## Directions
This exercise calls for the records to be returned exactly, with images removed.

## Available data
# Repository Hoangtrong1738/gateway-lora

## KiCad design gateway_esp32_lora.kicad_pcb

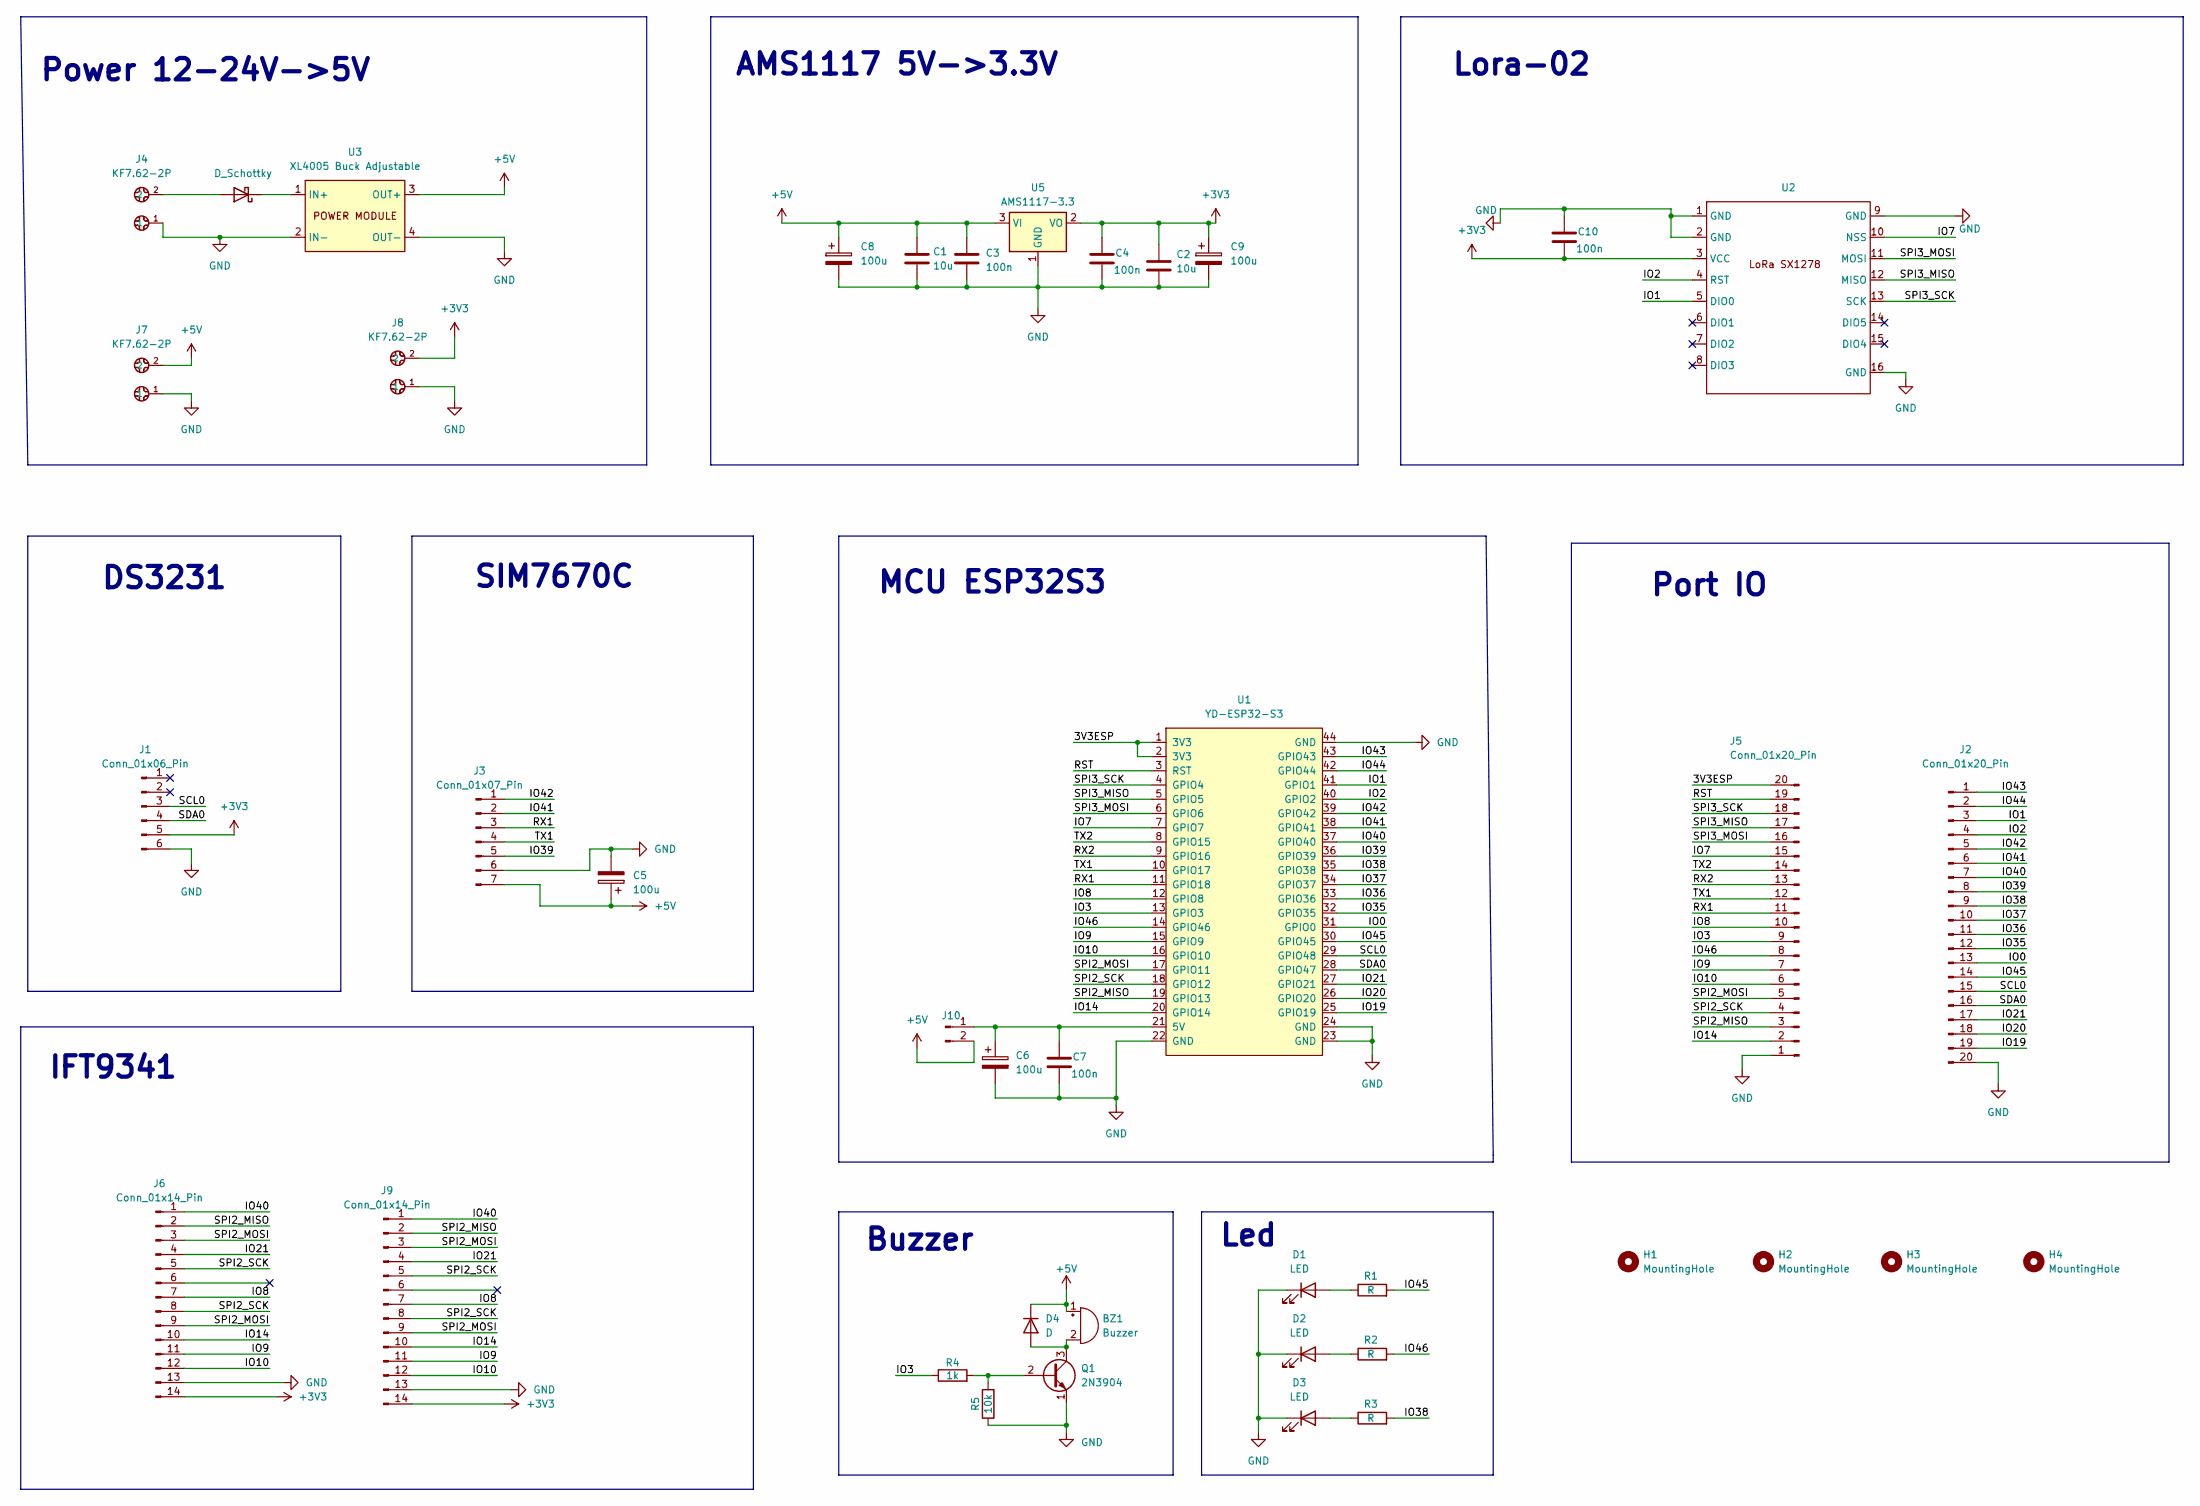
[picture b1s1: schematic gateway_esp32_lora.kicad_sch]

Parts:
BZ1: Buzzer; Buzzer_12x9.5RM7.6
C1, C2: 10u; C_1206_3216Metric
C3, C4, C7, C10: 100n; C_0603_1608Metric
C5, C6: 100u; CP_Radial_D8.0mm_P3.50mm
C8, C9: 100u; CP_Radial_D5.0mm_P2.50mm
D1, D2, D3: LED; LED_0805_2012Metric
D4: D; D_SOD-123
D5: D_Schottky; D_SMA
H1, H2, H3, H4: MountingHole; MountingHole_2.5mm
J1: Conn_01x06_Pin; PinSocket_1x06_P2.54mm_Vertical
J2, J5: Conn_01x20_Pin; PinHeader_1x20_P2.54mm_Vertical
J3: Conn_01x07_Pin; PinSocket_1x07_P2.54mm_Vertical
J4, J7, J8: KF7.62-2P; 2P
J6: Conn_01x14_Pin; JST_XH_B14B-XH-A_1x14_P2.50mm_Vertical
J9: Conn_01x14_Pin; PinSocket_1x14_P2.54mm_Vertical
J10: Conn_01x02_Pin; PinHeader_1x02_P2.54mm_Vertical
Q1: 2N3904; TO-92_Inline
R1, R2, R3: R; R_1206_3216Metric
R4: 1k; R_1206_3216Metric
R5: 10k; R_1206_3216Metric
U1: YD-ESP32-S3; ESP32-S3 modun
U2: LoRa_SX1278
U3: XL4005 Buck Adjustable; MODULE_4P_45x22
U5: AMS1117-3.3; SOT-223-3_TabPin2

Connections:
+3V3: C2.1, C4.1, C9.1, C10.2, J1.5, J6.14, J8.2, J9.14, U2.3 (VCC), U5.2 (VO)
+5V: BZ1.1 (+), C1.1, C3.1, C5.1, C8.1, D4.1 (K), J3.7, J7.2, J10.2, U3.3 (OUT+), U5.3 (VI)
/3V3ESP: J5.20, U1.1 (3V3), U1.2 (3V3)
/IO0: J2.13, U1.31 (GPIO0)
/IO1: J2.3, U1.41 (GPIO1), U2.5 (DIO0)
/IO2: J2.4, U1.40 (GPIO2), U2.4 (RST)
/IO3: J5.9, R4.1, U1.13 (GPIO3)
/IO7: J5.15, U1.7 (GPIO7), U2.10 (NSS)
/IO8: J5.10, J6.7, J9.7, U1.12 (GPIO8)
/IO9: J5.7, J6.11, J9.11, U1.15 (GPIO9)
/IO10: J5.6, J6.12, J9.12, U1.16 (GPIO10)
/IO14: J5.2, J6.10, J9.10, U1.20 (GPIO14)
/IO19: J2.19, U1.25 (GPIO19)
/IO20: J2.18, U1.26 (GPIO20)
/IO21: J2.17, J6.4, J9.4, U1.27 (GPIO21)
/IO35: J2.12, U1.32 (GPIO35)
/IO36: J2.11, U1.33 (GPIO36)
/IO37: J2.10, U1.34 (GPIO37)
/IO38: J2.9, R3.2, U1.35 (GPIO38)
/IO39: J2.8, J3.5, U1.36 (GPIO39)
/IO40: J2.7, J6.1, J9.1, U1.37 (GPIO40)
/IO41: J2.6, J3.2, U1.38 (GPIO41)
/IO42: J2.5, J3.1, U1.39 (GPIO42)
/IO43: J2.1, U1.43 (GPIO43)
/IO44: J2.2, U1.42 (GPIO44)
/IO45: J2.14, R1.2, U1.30 (GPIO45)
/IO46: J5.8, R2.2, U1.14 (GPIO46)
/RST: J5.19, U1.3 (RST)
/RX1: J3.3, J5.11, U1.11 (GPIO18)
/RX2: J5.13, U1.9 (GPIO16)
/SCL0: J1.3, J2.15, U1.29 (GPIO48)
/SDA0: J1.4, J2.16, U1.28 (GPIO47)
/SPI2_MISO: J5.3, J6.2, J9.2, U1.19 (GPIO13)
/SPI2_MOSI: J5.5, J6.3, J6.9, J9.3, J9.9, U1.17 (GPIO11)
/SPI2_SCK: J5.4, J6.5, J6.8, J9.5, J9.8, U1.18 (GPIO12)
/SPI3_MISO: J5.17, U1.5 (GPIO5), U2.12 (MISO)
/SPI3_MOSI: J5.16, U1.6 (GPIO6), U2.11 (MOSI)
/SPI3_SCK: J5.18, U1.4 (GPIO4), U2.13 (SCK)
/TX1: J3.4, J5.12, U1.10 (GPIO17)
/TX2: J5.14, U1.8 (GPIO15)
GND: C1.2, C2.2, C3.2, C4.2, C5.2, C6.2, C7.2, C8.2, C9.2, C10.1, D1.1 (K), D2.1 (K), D3.1 (K), J1.6, J2.20, J3.6, J4.1, J5.1, J6.13, J7.1, J8.1, J9.13, Q1.1 (E), R5.1, U1.22 (GND), U1.23 (GND), U1.24 (GND), U1.44 (GND), U2.1 (GND), U2.2 (GND), U2.9 (GND), U2.16 (GND), U3.2 (IN-), U3.4 (OUT-), U5.1 (GND)
unnamed: BZ1.2 (-), D4.2 (A), Q1.3 (C)
unnamed: D1.2 (A), R1.1
unnamed: D2.2 (A), R2.1
unnamed: D3.2 (A), R3.1
unnamed: D5.2 (A), J4.2
unnamed: D5.1 (K), U3.1 (IN+)
unnamed: C6.1, C7.1, J10.1, U1.21 (5V)
unnamed: Q1.2 (B), R4.2, R5.2

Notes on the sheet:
Power 12-24V->5V
Led
Buzzer
DS3231
Lora-02
MCU ESP32S3
IFT9341
Port IO
AMS1117 5V->3.3V
SIM7670C

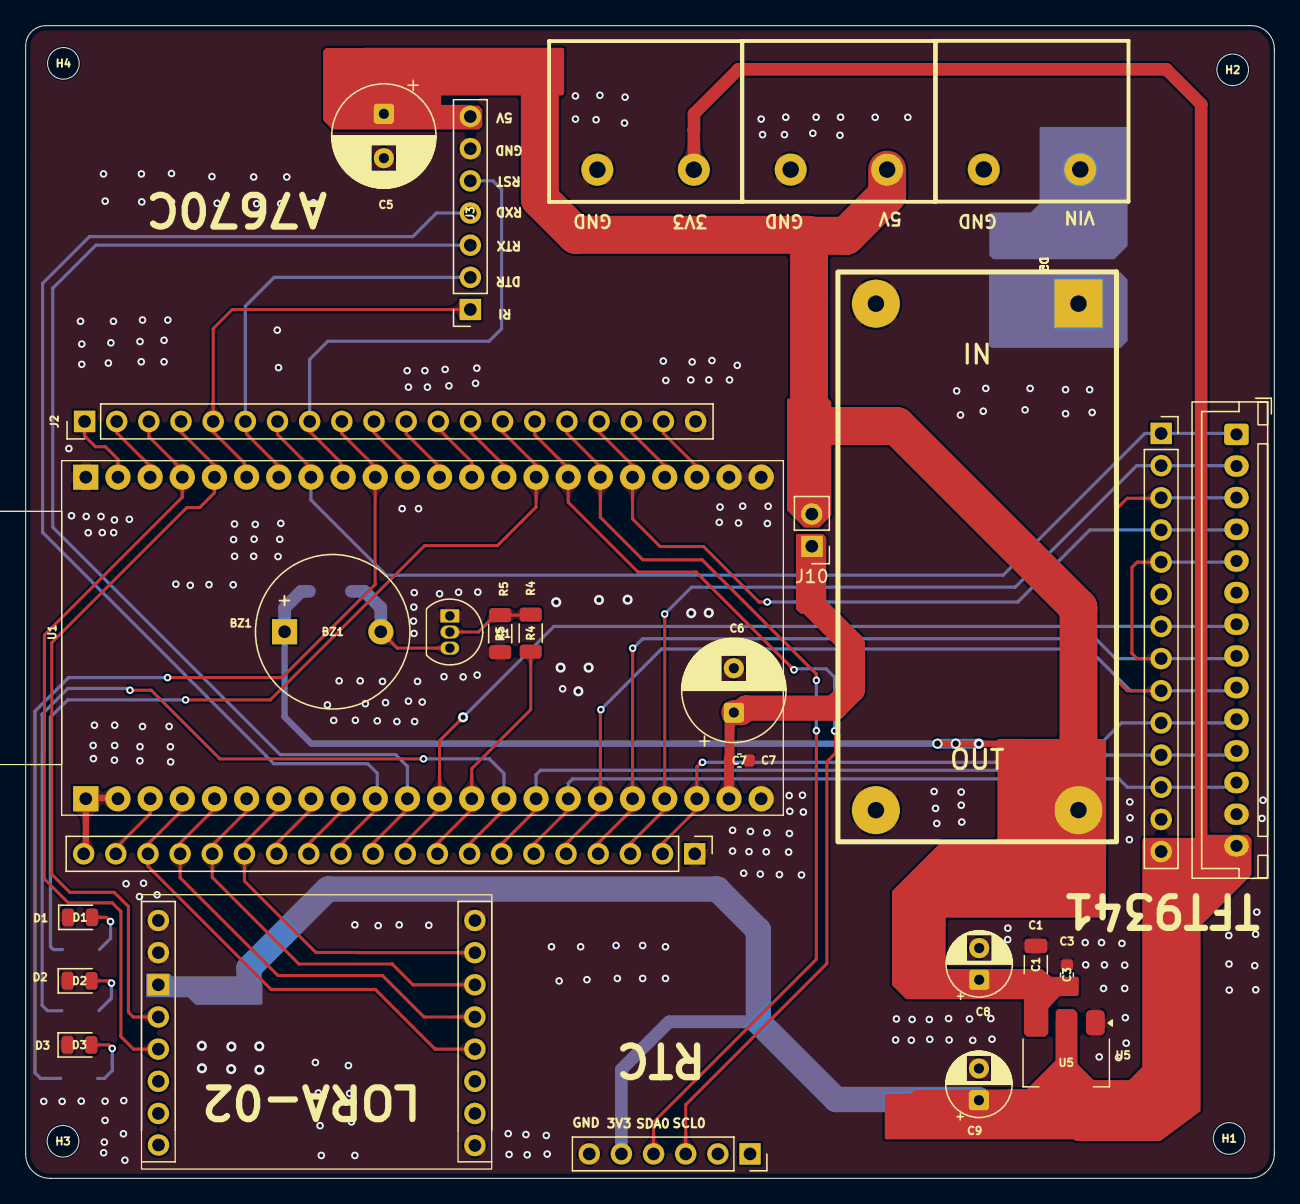
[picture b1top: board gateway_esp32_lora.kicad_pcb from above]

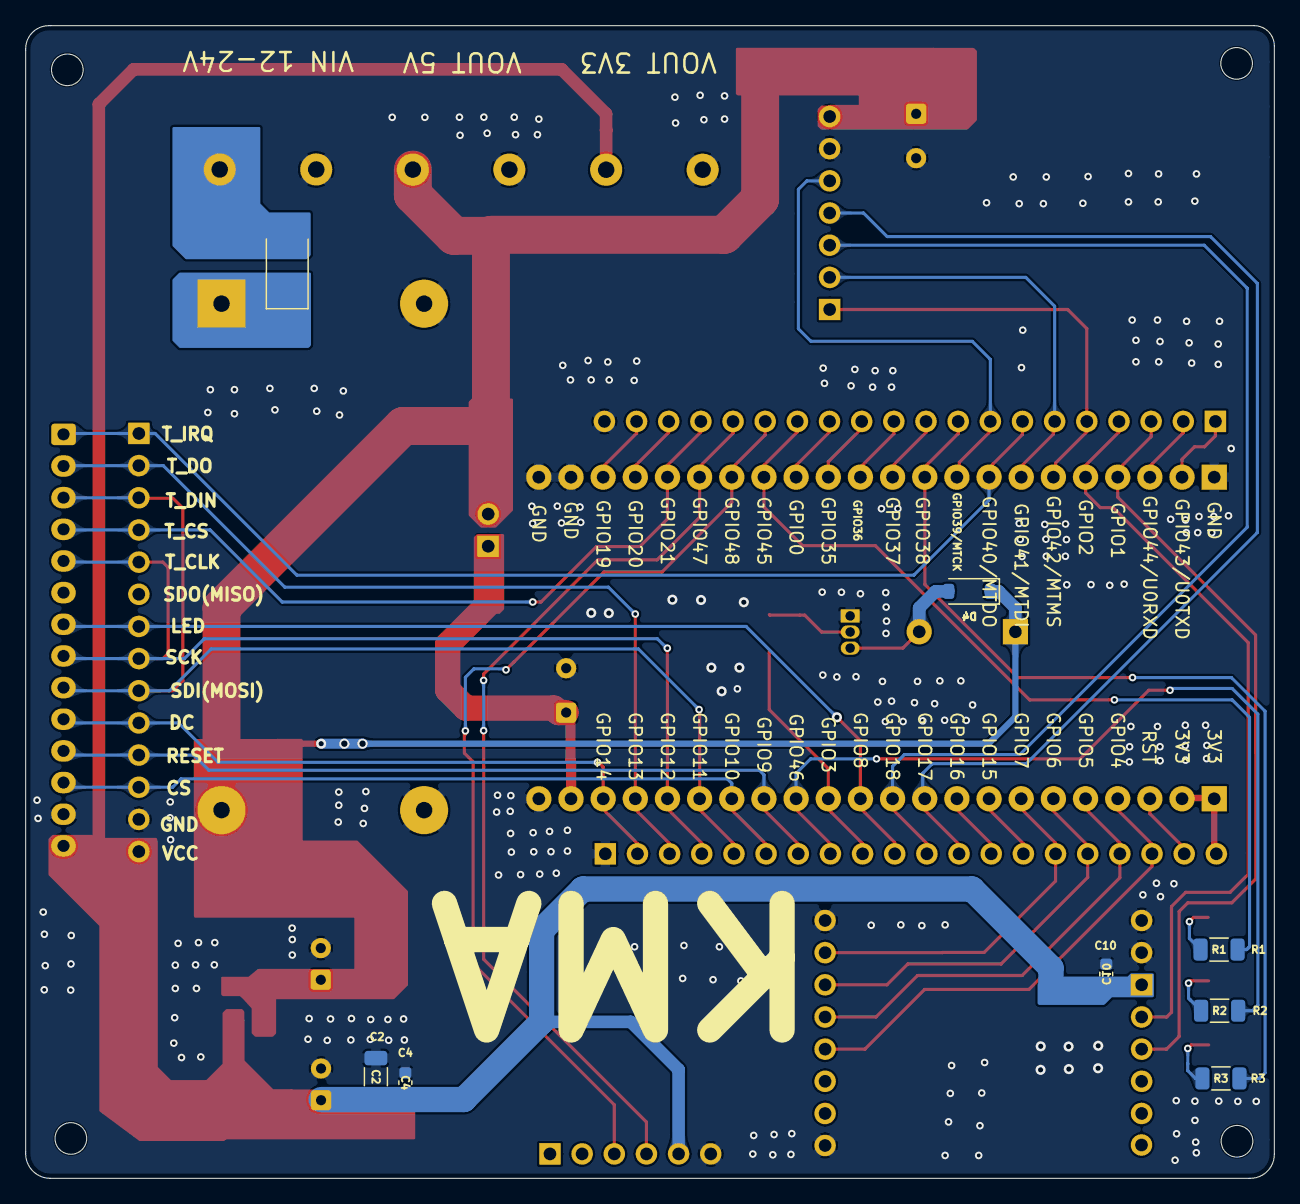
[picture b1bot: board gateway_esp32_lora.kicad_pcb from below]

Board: 2 copper layers, 98.6 x 91.0 mm, 40 parts (8 on the bottom side), 49 nets.

## Response
# Repository Hoangtrong1738/gateway-lora

## KiCad design gateway_esp32_lora.kicad_pcb

[picture b1s1: schematic gateway_esp32_lora.kicad_sch]

Parts:
BZ1: Buzzer; Buzzer_12x9.5RM7.6
C1, C2: 10u; C_1206_3216Metric
C3, C4, C7, C10: 100n; C_0603_1608Metric
C5, C6: 100u; CP_Radial_D8.0mm_P3.50mm
C8, C9: 100u; CP_Radial_D5.0mm_P2.50mm
D1, D2, D3: LED; LED_0805_2012Metric
D4: D; D_SOD-123
D5: D_Schottky; D_SMA
H1, H2, H3, H4: MountingHole; MountingHole_2.5mm
J1: Conn_01x06_Pin; PinSocket_1x06_P2.54mm_Vertical
J2, J5: Conn_01x20_Pin; PinHeader_1x20_P2.54mm_Vertical
J3: Conn_01x07_Pin; PinSocket_1x07_P2.54mm_Vertical
J4, J7, J8: KF7.62-2P; 2P
J6: Conn_01x14_Pin; JST_XH_B14B-XH-A_1x14_P2.50mm_Vertical
J9: Conn_01x14_Pin; PinSocket_1x14_P2.54mm_Vertical
J10: Conn_01x02_Pin; PinHeader_1x02_P2.54mm_Vertical
Q1: 2N3904; TO-92_Inline
R1, R2, R3: R; R_1206_3216Metric
R4: 1k; R_1206_3216Metric
R5: 10k; R_1206_3216Metric
U1: YD-ESP32-S3; ESP32-S3 modun
U2: LoRa_SX1278
U3: XL4005 Buck Adjustable; MODULE_4P_45x22
U5: AMS1117-3.3; SOT-223-3_TabPin2

Connections:
+3V3: C2.1, C4.1, C9.1, C10.2, J1.5, J6.14, J8.2, J9.14, U2.3 (VCC), U5.2 (VO)
+5V: BZ1.1 (+), C1.1, C3.1, C5.1, C8.1, D4.1 (K), J3.7, J7.2, J10.2, U3.3 (OUT+), U5.3 (VI)
/3V3ESP: J5.20, U1.1 (3V3), U1.2 (3V3)
/IO0: J2.13, U1.31 (GPIO0)
/IO1: J2.3, U1.41 (GPIO1), U2.5 (DIO0)
/IO2: J2.4, U1.40 (GPIO2), U2.4 (RST)
/IO3: J5.9, R4.1, U1.13 (GPIO3)
/IO7: J5.15, U1.7 (GPIO7), U2.10 (NSS)
/IO8: J5.10, J6.7, J9.7, U1.12 (GPIO8)
/IO9: J5.7, J6.11, J9.11, U1.15 (GPIO9)
/IO10: J5.6, J6.12, J9.12, U1.16 (GPIO10)
/IO14: J5.2, J6.10, J9.10, U1.20 (GPIO14)
/IO19: J2.19, U1.25 (GPIO19)
/IO20: J2.18, U1.26 (GPIO20)
/IO21: J2.17, J6.4, J9.4, U1.27 (GPIO21)
/IO35: J2.12, U1.32 (GPIO35)
/IO36: J2.11, U1.33 (GPIO36)
/IO37: J2.10, U1.34 (GPIO37)
/IO38: J2.9, R3.2, U1.35 (GPIO38)
/IO39: J2.8, J3.5, U1.36 (GPIO39)
/IO40: J2.7, J6.1, J9.1, U1.37 (GPIO40)
/IO41: J2.6, J3.2, U1.38 (GPIO41)
/IO42: J2.5, J3.1, U1.39 (GPIO42)
/IO43: J2.1, U1.43 (GPIO43)
/IO44: J2.2, U1.42 (GPIO44)
/IO45: J2.14, R1.2, U1.30 (GPIO45)
/IO46: J5.8, R2.2, U1.14 (GPIO46)
/RST: J5.19, U1.3 (RST)
/RX1: J3.3, J5.11, U1.11 (GPIO18)
/RX2: J5.13, U1.9 (GPIO16)
/SCL0: J1.3, J2.15, U1.29 (GPIO48)
/SDA0: J1.4, J2.16, U1.28 (GPIO47)
/SPI2_MISO: J5.3, J6.2, J9.2, U1.19 (GPIO13)
/SPI2_MOSI: J5.5, J6.3, J6.9, J9.3, J9.9, U1.17 (GPIO11)
/SPI2_SCK: J5.4, J6.5, J6.8, J9.5, J9.8, U1.18 (GPIO12)
/SPI3_MISO: J5.17, U1.5 (GPIO5), U2.12 (MISO)
/SPI3_MOSI: J5.16, U1.6 (GPIO6), U2.11 (MOSI)
/SPI3_SCK: J5.18, U1.4 (GPIO4), U2.13 (SCK)
/TX1: J3.4, J5.12, U1.10 (GPIO17)
/TX2: J5.14, U1.8 (GPIO15)
GND: C1.2, C2.2, C3.2, C4.2, C5.2, C6.2, C7.2, C8.2, C9.2, C10.1, D1.1 (K), D2.1 (K), D3.1 (K), J1.6, J2.20, J3.6, J4.1, J5.1, J6.13, J7.1, J8.1, J9.13, Q1.1 (E), R5.1, U1.22 (GND), U1.23 (GND), U1.24 (GND), U1.44 (GND), U2.1 (GND), U2.2 (GND), U2.9 (GND), U2.16 (GND), U3.2 (IN-), U3.4 (OUT-), U5.1 (GND)
unnamed: BZ1.2 (-), D4.2 (A), Q1.3 (C)
unnamed: D1.2 (A), R1.1
unnamed: D2.2 (A), R2.1
unnamed: D3.2 (A), R3.1
unnamed: D5.2 (A), J4.2
unnamed: D5.1 (K), U3.1 (IN+)
unnamed: C6.1, C7.1, J10.1, U1.21 (5V)
unnamed: Q1.2 (B), R4.2, R5.2

Notes on the sheet:
Power 12-24V->5V
Led
Buzzer
DS3231
Lora-02
MCU ESP32S3
IFT9341
Port IO
AMS1117 5V->3.3V
SIM7670C

[picture b1top: board gateway_esp32_lora.kicad_pcb from above]

[picture b1bot: board gateway_esp32_lora.kicad_pcb from below]

Board: 2 copper layers, 98.6 x 91.0 mm, 40 parts (8 on the bottom side), 49 nets.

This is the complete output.